日比谷の地下で魚を食べて、ガラス越しに雨の空を見る
魚を食べたかった。でも日本料理じゃなくて西洋料理的なる魚。
これが案外むつかしくって、どうしようかとしばらく思案。
そうだ、ミッドタウン日比谷の地下のフードホールにシーフードレストランがあったはず。
そこならなんとかなるだろう…、と思ってきてみる。
「ボストンシーフードプレイス」。
通路に面して素材を並べる氷のベッド。カウンターがそこからグルっと円弧を描いて設えられてて中にキッチン。ひと目でシーフードレストランだなっていうのがわかる造りになっている。
そして思った通り、シーフードミックスフライやフィッシュグリルがあった。
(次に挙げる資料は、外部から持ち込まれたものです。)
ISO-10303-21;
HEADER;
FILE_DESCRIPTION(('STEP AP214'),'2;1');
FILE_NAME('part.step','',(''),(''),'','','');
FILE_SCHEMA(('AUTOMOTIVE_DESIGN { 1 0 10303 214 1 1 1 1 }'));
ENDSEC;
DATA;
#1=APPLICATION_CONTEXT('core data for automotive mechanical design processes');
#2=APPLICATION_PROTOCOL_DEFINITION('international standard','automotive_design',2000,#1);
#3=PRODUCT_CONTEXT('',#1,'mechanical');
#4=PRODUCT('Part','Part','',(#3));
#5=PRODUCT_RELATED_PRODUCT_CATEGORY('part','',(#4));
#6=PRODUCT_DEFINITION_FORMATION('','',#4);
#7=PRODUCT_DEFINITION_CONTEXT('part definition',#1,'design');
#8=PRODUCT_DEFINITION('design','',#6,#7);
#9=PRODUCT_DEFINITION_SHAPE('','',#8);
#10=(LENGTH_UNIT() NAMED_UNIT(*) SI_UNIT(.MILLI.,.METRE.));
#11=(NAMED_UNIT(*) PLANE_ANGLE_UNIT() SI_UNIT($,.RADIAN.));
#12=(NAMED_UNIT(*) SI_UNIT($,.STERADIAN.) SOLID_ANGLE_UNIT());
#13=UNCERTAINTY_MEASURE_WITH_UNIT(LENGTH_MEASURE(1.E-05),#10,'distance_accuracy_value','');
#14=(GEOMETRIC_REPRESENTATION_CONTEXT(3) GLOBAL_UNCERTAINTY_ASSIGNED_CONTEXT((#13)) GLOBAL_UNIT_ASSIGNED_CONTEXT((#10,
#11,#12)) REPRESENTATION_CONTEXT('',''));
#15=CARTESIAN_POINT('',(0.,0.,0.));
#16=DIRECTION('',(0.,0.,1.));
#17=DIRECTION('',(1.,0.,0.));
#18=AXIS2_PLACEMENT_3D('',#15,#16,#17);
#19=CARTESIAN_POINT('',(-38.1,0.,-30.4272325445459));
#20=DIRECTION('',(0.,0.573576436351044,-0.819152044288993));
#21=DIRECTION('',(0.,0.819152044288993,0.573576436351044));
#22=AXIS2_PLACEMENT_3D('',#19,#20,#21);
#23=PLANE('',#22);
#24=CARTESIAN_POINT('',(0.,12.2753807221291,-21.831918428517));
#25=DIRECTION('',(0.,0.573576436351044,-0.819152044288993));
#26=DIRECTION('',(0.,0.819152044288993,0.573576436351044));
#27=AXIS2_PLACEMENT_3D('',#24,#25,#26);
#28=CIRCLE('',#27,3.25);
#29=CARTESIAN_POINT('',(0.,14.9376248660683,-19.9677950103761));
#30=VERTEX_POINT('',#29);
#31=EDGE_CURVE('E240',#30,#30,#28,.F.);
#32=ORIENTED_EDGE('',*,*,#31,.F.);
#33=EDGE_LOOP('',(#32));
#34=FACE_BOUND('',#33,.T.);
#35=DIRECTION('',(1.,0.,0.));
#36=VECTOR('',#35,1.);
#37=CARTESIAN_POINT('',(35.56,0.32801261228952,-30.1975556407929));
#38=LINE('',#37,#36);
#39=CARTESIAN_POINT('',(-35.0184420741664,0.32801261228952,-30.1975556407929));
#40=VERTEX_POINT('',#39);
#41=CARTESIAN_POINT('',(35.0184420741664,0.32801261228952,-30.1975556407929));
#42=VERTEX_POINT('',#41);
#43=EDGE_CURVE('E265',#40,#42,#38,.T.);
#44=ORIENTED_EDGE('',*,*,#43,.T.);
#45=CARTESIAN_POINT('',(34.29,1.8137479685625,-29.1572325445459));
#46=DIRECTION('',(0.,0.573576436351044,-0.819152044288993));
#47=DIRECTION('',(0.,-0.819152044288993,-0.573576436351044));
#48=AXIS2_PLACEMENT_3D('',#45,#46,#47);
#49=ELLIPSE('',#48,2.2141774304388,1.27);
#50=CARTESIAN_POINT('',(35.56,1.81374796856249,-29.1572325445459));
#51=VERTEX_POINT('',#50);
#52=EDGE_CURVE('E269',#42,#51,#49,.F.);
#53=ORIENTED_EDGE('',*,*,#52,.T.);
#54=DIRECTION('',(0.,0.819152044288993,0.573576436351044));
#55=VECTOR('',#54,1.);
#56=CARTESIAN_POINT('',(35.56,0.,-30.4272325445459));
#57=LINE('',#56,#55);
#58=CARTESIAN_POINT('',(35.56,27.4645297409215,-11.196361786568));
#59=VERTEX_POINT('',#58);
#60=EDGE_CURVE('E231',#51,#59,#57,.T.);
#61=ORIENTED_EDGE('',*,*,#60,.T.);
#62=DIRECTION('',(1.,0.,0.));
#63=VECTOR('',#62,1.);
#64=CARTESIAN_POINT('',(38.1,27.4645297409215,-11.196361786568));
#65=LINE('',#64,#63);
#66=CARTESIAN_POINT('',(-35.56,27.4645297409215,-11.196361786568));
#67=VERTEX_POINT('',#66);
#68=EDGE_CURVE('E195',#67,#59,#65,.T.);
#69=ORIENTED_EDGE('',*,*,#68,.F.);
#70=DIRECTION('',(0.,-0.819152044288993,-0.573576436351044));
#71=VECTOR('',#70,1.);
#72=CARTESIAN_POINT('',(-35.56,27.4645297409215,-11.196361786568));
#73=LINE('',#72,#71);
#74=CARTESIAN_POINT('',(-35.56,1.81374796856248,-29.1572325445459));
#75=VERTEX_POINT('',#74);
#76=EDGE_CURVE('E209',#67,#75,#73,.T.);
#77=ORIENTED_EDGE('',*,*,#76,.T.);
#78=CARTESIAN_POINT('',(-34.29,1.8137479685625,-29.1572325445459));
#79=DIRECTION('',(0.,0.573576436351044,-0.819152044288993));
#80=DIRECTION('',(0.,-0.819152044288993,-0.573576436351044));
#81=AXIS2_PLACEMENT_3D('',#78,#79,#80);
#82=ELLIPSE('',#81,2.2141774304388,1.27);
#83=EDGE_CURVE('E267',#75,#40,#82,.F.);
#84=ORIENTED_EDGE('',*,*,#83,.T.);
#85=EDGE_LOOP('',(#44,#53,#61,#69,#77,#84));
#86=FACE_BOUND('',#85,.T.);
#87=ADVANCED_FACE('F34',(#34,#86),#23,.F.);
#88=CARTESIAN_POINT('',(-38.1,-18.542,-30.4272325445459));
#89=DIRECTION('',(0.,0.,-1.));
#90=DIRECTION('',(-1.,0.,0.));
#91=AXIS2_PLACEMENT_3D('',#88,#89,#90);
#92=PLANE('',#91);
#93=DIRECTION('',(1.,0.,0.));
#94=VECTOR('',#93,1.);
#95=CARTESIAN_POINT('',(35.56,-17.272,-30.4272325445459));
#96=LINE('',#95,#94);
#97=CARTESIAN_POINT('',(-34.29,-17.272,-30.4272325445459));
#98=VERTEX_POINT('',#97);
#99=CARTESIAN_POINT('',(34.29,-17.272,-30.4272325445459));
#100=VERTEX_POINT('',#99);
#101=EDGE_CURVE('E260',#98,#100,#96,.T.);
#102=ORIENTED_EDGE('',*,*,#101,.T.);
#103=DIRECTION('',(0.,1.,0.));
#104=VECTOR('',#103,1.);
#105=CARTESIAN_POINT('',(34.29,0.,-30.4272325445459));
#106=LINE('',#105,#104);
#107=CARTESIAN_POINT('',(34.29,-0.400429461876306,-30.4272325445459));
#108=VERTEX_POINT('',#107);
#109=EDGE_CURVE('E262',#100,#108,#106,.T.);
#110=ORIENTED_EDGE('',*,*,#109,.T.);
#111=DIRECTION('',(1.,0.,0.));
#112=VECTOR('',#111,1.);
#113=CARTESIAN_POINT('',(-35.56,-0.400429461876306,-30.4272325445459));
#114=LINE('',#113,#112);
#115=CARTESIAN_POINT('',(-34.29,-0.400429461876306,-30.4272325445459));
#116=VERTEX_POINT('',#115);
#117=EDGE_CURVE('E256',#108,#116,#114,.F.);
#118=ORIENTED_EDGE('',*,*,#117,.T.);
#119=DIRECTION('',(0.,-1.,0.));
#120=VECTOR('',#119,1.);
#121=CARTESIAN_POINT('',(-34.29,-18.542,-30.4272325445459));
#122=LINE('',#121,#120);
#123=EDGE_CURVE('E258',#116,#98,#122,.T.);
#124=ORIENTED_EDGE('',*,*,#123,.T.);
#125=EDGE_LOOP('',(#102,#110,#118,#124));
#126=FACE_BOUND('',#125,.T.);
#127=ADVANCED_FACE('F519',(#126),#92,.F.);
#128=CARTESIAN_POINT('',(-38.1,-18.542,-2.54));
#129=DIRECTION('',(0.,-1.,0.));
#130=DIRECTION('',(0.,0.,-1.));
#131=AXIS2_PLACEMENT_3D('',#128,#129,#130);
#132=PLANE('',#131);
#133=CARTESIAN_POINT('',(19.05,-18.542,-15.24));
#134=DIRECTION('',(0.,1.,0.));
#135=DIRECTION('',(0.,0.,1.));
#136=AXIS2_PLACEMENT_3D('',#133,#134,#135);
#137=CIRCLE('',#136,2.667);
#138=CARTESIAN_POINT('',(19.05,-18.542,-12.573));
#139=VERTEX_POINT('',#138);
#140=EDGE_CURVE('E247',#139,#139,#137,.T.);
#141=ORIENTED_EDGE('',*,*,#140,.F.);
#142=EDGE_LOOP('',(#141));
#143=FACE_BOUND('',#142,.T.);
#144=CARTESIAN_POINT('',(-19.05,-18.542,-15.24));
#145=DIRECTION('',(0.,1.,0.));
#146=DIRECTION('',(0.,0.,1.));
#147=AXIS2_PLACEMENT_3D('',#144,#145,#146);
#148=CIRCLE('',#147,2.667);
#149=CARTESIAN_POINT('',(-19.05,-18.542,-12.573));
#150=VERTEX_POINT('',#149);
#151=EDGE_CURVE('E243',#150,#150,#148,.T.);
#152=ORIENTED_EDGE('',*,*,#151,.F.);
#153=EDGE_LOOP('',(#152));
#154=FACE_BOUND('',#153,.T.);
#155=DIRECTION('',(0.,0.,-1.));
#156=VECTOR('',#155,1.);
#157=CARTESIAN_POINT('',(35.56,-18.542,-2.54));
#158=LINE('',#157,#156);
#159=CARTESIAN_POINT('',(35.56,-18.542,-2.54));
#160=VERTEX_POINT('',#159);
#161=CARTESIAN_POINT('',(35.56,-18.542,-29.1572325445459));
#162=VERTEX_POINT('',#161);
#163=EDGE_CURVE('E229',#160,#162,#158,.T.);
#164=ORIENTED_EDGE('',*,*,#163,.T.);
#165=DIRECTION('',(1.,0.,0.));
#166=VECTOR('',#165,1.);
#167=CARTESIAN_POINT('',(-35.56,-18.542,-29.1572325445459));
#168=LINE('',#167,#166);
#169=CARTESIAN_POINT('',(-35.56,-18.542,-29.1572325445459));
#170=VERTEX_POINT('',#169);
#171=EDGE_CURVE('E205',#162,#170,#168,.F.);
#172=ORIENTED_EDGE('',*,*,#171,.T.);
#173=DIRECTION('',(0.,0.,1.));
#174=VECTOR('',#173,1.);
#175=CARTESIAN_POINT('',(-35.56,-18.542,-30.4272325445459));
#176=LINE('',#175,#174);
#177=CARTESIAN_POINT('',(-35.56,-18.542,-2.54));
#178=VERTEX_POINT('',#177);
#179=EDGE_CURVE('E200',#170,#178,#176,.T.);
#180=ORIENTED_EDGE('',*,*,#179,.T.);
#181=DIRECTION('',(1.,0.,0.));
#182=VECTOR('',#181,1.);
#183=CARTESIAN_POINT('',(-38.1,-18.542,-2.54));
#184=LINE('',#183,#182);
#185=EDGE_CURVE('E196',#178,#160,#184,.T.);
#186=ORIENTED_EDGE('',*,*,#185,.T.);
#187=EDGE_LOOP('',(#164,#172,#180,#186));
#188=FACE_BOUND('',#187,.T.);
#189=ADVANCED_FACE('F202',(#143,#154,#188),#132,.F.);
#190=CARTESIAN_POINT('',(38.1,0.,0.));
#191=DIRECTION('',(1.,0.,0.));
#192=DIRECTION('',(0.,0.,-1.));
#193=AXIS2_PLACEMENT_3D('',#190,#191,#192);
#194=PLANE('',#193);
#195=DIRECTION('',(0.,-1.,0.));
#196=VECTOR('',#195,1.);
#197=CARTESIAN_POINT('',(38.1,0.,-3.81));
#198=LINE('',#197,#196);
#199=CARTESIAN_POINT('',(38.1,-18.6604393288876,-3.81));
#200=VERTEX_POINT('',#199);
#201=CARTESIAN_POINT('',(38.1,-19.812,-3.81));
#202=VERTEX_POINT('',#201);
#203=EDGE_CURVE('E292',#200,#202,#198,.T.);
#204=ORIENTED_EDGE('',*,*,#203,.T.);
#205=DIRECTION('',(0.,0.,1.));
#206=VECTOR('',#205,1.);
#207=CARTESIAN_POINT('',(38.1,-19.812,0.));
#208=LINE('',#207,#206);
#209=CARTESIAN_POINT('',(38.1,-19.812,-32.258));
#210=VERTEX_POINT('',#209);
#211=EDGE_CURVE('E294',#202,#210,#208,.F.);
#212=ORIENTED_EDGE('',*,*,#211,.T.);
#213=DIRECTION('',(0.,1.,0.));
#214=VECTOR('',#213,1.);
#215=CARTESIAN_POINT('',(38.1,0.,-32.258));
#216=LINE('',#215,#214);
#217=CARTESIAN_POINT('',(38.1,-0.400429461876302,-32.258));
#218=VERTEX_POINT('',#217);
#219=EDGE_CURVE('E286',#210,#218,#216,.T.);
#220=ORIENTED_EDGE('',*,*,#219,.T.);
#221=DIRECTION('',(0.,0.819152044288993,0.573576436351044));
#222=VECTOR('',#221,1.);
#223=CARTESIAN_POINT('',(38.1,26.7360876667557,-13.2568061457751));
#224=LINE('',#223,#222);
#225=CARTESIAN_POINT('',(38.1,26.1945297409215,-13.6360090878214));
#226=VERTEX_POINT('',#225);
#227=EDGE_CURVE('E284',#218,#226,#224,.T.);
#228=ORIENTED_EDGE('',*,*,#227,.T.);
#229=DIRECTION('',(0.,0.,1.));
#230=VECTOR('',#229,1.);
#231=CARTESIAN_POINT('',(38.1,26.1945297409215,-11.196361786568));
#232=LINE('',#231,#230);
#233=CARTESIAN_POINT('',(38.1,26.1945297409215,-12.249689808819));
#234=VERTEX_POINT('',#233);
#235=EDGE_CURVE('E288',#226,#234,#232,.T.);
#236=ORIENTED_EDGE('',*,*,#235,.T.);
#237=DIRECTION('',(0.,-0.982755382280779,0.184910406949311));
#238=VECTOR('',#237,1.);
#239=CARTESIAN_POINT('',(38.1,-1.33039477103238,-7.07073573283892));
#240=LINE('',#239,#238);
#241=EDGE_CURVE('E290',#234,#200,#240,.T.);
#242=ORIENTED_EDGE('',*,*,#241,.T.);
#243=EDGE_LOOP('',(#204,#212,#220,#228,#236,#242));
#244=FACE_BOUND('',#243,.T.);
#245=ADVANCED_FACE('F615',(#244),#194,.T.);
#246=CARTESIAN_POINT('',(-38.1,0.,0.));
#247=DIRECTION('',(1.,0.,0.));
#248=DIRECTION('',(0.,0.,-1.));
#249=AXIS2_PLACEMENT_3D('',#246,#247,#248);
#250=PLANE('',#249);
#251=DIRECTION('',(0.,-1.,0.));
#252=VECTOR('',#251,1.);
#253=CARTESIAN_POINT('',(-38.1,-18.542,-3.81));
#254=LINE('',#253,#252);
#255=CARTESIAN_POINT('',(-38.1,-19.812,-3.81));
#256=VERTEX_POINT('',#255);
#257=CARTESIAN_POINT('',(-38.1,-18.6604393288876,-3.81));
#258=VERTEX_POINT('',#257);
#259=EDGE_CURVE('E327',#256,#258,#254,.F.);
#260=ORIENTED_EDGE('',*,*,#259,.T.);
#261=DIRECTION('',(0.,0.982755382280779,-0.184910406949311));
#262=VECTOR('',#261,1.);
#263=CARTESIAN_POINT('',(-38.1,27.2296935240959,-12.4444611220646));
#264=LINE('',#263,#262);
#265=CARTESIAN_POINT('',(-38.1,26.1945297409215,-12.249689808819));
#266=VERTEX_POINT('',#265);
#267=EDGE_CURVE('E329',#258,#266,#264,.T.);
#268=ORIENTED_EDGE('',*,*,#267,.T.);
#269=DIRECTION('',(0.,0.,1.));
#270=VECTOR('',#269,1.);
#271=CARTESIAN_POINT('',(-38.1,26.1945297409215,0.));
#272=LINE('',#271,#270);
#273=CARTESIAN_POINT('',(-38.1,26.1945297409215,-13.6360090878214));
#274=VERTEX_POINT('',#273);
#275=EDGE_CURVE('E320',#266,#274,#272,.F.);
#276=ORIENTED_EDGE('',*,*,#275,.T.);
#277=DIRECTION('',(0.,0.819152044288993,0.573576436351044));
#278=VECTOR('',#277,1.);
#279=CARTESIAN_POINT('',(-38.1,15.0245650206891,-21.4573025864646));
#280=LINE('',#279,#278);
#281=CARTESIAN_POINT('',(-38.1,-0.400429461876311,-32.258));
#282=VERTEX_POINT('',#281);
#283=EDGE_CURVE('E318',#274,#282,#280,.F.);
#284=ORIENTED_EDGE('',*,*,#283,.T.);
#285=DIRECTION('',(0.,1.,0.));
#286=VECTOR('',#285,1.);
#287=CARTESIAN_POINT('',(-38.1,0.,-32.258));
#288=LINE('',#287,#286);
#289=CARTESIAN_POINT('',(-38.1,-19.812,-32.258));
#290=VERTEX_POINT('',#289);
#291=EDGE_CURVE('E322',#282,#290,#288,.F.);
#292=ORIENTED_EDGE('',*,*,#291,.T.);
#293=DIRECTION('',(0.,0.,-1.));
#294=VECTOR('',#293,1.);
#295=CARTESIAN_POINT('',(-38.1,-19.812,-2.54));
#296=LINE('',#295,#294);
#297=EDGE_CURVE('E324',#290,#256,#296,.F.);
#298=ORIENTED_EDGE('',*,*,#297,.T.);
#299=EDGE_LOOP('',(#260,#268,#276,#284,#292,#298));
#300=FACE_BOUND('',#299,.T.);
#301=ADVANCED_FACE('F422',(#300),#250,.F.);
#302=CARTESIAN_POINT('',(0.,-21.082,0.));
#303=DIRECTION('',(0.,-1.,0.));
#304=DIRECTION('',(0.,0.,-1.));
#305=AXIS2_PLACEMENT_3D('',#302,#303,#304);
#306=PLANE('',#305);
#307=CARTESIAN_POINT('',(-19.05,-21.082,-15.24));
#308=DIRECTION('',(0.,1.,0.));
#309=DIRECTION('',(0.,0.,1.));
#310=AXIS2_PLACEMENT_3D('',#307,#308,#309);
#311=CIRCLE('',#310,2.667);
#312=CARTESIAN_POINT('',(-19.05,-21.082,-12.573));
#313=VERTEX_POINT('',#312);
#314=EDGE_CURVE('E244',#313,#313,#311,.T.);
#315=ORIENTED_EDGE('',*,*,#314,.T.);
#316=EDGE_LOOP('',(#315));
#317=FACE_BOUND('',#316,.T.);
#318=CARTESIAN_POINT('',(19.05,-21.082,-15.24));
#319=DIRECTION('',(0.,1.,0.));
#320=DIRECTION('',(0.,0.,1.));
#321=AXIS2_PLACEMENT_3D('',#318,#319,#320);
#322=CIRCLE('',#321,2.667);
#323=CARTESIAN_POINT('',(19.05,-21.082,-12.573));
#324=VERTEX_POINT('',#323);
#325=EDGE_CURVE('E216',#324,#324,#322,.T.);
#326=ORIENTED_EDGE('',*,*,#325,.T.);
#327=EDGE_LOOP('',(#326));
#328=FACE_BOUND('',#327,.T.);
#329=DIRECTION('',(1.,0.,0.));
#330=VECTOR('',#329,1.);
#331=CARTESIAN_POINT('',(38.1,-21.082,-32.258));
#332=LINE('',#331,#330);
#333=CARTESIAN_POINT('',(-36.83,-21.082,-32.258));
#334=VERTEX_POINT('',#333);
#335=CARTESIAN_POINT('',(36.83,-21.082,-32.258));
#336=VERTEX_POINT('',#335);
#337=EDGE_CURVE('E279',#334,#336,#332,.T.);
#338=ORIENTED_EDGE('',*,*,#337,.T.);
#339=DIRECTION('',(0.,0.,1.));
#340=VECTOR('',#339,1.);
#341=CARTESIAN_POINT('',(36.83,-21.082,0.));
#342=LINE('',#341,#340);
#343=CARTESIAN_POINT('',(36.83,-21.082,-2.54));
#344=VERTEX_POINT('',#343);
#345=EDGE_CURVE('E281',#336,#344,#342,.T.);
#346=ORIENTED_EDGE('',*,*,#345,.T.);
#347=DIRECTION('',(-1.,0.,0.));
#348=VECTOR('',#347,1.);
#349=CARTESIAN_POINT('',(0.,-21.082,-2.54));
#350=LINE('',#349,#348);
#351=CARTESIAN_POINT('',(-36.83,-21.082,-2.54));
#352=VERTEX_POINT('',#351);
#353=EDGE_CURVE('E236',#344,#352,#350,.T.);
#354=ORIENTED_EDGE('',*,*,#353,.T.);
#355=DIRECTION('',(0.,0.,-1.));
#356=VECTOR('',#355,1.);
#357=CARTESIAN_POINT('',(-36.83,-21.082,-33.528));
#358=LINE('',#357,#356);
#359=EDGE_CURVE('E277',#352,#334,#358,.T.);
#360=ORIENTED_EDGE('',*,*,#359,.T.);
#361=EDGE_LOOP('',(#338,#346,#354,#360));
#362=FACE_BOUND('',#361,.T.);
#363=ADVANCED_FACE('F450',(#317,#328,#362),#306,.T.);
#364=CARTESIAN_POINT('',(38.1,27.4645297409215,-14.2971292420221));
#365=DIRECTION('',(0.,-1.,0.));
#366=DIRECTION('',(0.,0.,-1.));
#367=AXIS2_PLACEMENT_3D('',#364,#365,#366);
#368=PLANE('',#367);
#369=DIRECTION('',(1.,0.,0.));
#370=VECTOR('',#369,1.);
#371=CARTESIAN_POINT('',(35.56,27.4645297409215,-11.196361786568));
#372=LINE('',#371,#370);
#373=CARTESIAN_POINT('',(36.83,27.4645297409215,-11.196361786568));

フィッシュグリルを選んでたのむ。
それにしても良い空間です。
お店と通路を仕切る壁がない。
通路を通る人も他のお店のお客さまも、みんなステキな景色の一部。
ランチにはサラダがついててセルフサービス。
お水もカウンターに並べられていて、オフィス街のレストランはこれがいいんだろうなと思う。
しばらく待ってメインが到着。
今日の魚は鯖。
刻んだ香草とチーズをまとわせ、おそらくスティームコンベクション仕上げじゃないかなぁ…、しっとりとした仕上がりでラタトゥイユ風のトマトソースの上にのせられやってくる。
サイドにバターライスとムサラキキャベツの酢漬け、マッシュポテトがついてくる。
鯖のクセがほどよくとれたグリルがおいしい。ふっくらとした食感に脂がにじんで唇ひんやり。鯖のうま味が口に広がる。
ソースがかなりしっかりとした味わいで、トマト、パプリカ、玉ねぎ、オリーブと素材の食感がとてもにぎやか。鯖の持ち味に酸味と甘みがくわわってご飯をねだるおゴチソウ。
マッシュポテトが少量だけであるのがとてもうれしくて、ソースとあえて一緒に食べる。
バターライスの上にフライドオニオン、砕いたナッツに刻んだパセリ。炊き加減も硬めの好みの状態で、鯖やソースとあえると味がリゾットよりになっていく。
そう言えば昔、映画の前にここで生牡蠣を食べたことがあったんだよネ…、5年近くも前のこと。
ランチに追加でドリンクバーもつけられたんだけど、場所を変えてのんびりしたくてつけずに済ませた。
なにしろ日比谷、丸の内界隈はコーヒースタンド、エスプレッソバーの宝庫のような場所でお茶をする場所には困らない。東京フォーラムの地下にある「レクセルカフェ」を選んでアイスコーヒーを飲む。
ドトールコーヒー系列でちょっと上等。その分、席がゆったりしていてカウンター席には電源ソケットがついている。
グラスが大きく、しかも薄くてモダンなデザイン。スッキリとした苦味とやさしい酸味がおいしいコーヒー。雨降る空をガラス天井越しに地下から見るのも乙なもの。ちょっとのんびり考え事をいたしましょ。